From the series: 6 Ultimate Reasons Not To Be An Atheist?
#2 Atheists cannot believe there is objective moral law
To put the argument another way, humans can recognise the force of gravity because it exists. And even without knowing where gravity comes from, it doesn't change the fact that gravity is there. So it follows that an atheist can recognise an objective morality because an objective morality exists. But the nature of morality is unlike gravity, while gravity is a blind force morality is personal. So it follows that if there is objective morality in nature, then there must be a personal (i.e. interventionist) deity responsible.
So again to subject it to the established criteria, is objective moral law necessary for any particular world-view? And like with meaning, I think the answer is no. Again it's an appeal to consequences. We might desire objective moral law, society might even be contingent on having a moral law, but without objective moral law being necessary it doesn't reflect on the truth of whether there are interventionist deities.

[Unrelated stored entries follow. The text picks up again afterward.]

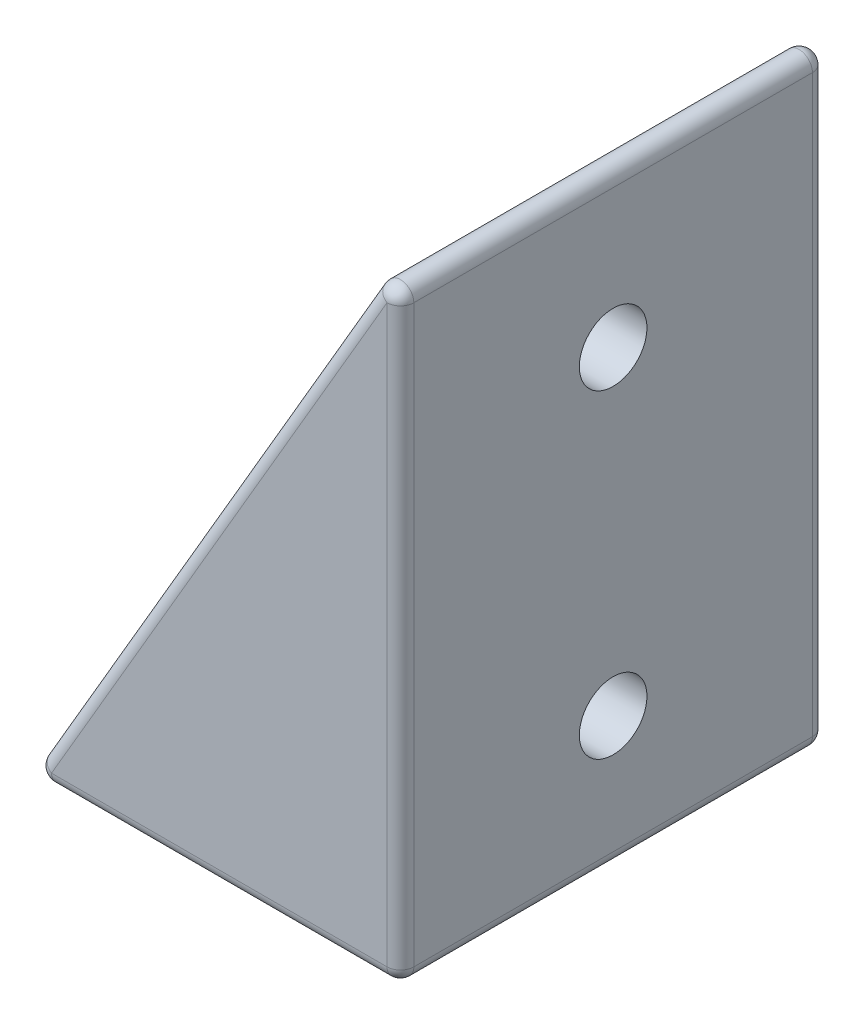
from build123d import *

# Parameters (mm, degrees)
BOSS_EXTRUDE1_DEPTH = 25.4
FILLET1_R           = 0.8
SKETCH2_R           = 2.0193
CUT_EXTRUDE1_DEPTH  = 50.8


with BuildPart() as part:
    # Sketch1 → Boss-Extrude1 (new body)
    with BuildSketch(Plane.XY):
        Polygon((0, 0), (0, 38.1), (-22.225, 0), align=None)
    extrude(amount=BOSS_EXTRUDE1_DEPTH)

    # Fillet1
    fillet1_edges = [part.edges().sort_by_distance(p)[0] for p in [
        (-11.1125, 0, 0),
        (0, 19.05, 0),
        (-11.1125, 19.05, 0),
        (-11.1125, 0, 25.4),
        (-11.1125, 19.05, 25.4),
        (-22.225, 0, 12.7),
        (0, 38.1, 12.7),
        (0, 0, 12.7),
        (0, 19.05, 25.4),
    ]]
    fillet(fillet1_edges, radius=FILLET1_R)

    # Sketch2 → Cut-Extrude1 (cut)
    with BuildSketch(Plane(origin=(0, 0, 0), x_dir=(0, 0, -1), z_dir=(1, 0, 0))):
        with Locations((-12.7, 26.885863544)):
            Circle(SKETCH2_R)
        with Locations((-12.7, 7.835863544)):
            Circle(SKETCH2_R)
    extrude(amount=-CUT_EXTRUDE1_DEPTH, mode=Mode.SUBTRACT)


solid = part.part

What reach does objective moral law have. Is it contingent on the human species existing? Once it exists, does it have any reach beyond our species? Take killing another for example, does it hold that it is objectively wrong for one man to kill another on the surface of Mars? What about at the centre of our galaxy? Or in the far reaches of the cosmos? I would contend not, that is to say morality is a local phenomenon entirely contingent on our existence.
The obvious does need to be pointed out, humans do indeed have an innate moral capacity, a sense of right and wrong and act on moral impulses. This however doesn't necessitate objective moral law any more than sexual attraction necessitates an objective form of what is attractive. I would say the argument ends here, but I would be remiss if I didn't explore the nature of the question further.
So how can a theist account for morality? The question that any theist needs to answer is what is known as The Euthyphro Dilemma, which goes "is it pious because it is loved by the gods or loved by the gods because it is pious". Or to put it in modern terms, is murder wrong because God says it's wrong or does God say murder is wrong because it is wrong? The first part of the dilemma puts any God-given morality as arbitrary, the latter means that any attempt to reconcile morality through God is begging the question.
The argument in this video comes in the form of an authority, that we can only have morality because of a higher authority (God) gave moral instruct. It seems that those who made the video take the first option, that it is obedience to an amoral entity - lest the argument go ad infinitum or falls into a circular definition.
In the video they fall into what Daniel Dennett calls greedy reductionism by the removal of any possible authority in the material world. After all, it's all just material - blind forces acting indiscriminately. One can't help but think back to Carl Sagan's Cosmos where he laid out the raw materials that make us. The point he's trying to make is that life is more than just the atoms that make it up.
This straw man continues in making an analogy with the chair. That we have no moral obligation not to break the chair as the chair has no personal connection to us. They neglect the obvious, the chair isn't an intelligent agent. The chair itself may not have a moral obligation, but if the chair was owned by a friend they wouldn't take "materialism means no obligation" as a valid excuse.
I'd go so far as to say that theism cannot account for morality, the appeals to authority make no sense for the same reason as it doesn't make it right if a leader of a country proclaims a moral dictum. This sense of objective morality is obedience, it's right for the same reason a parent is right when telling a child what to do. It's an infantile way of looking at what is morality, and given its importance to us as a species it is deserving of something better.
Which brings me to how an atheist can account for morality. I'm not going to argue for objective moral law, rather for how certain moral maxims fall out naturally and how we've come to regard some morals as near universals. And far from morality being an exercise in authority, it's something that comes from the self.
I can already hear the cries of moral subjectivism, yet this could only apply if humans lived in complete isolation. To go back to the chair example. If it were just an individual and the chair, then what is there to stop you from breaking it? Perhaps the consequences of having a broken chair. But if the chair was owned by another, then the relationship between the agent and the chair is changed. Breaking someone else's property could affect your relationship with them.
In there a rule emerges, purely out of the self. Acting in a particular way has consequences, and certain actions can help or hinder others and affect ones relationship to them. It stems from a recognition of one's relationship to the environment around them.
It doesn't end there, game theory can show stable survival strategies fall out of repeated interactions even when weighting is put towards "cheating". In the thought experiment of the prisoner's dilemma, at each interaction it pays to defect. But when the situation is put into repeated interaction, reciprocal altruism emerges as a dominant strategy even though against any one individual it can at best break even.
So what of maxims? While such behaviours like murder and lying are still present, too much of such elements and there is a breakdown of society. The murder rate cannot exceed the birth-rate, too much lying and there's the loss of a vital component of success and fostering relationships. While they are not absolute, they are as close as we can get to objective morality.
There's so much to say on this subject and very little space, so I'll just quickly say this. Evolution can give us a sound base as to why we are moral, but it can't prescribe morality. For such precepts like the golden rule, it can explain why we aspire to it but not why we should aspire to it. It's important to note that we have the capacity to take on ideas, and to think through actions to their perceived consequences. This capacity for knowledge of outcomes gives us the ability to learn from actions in the past and work towards our future.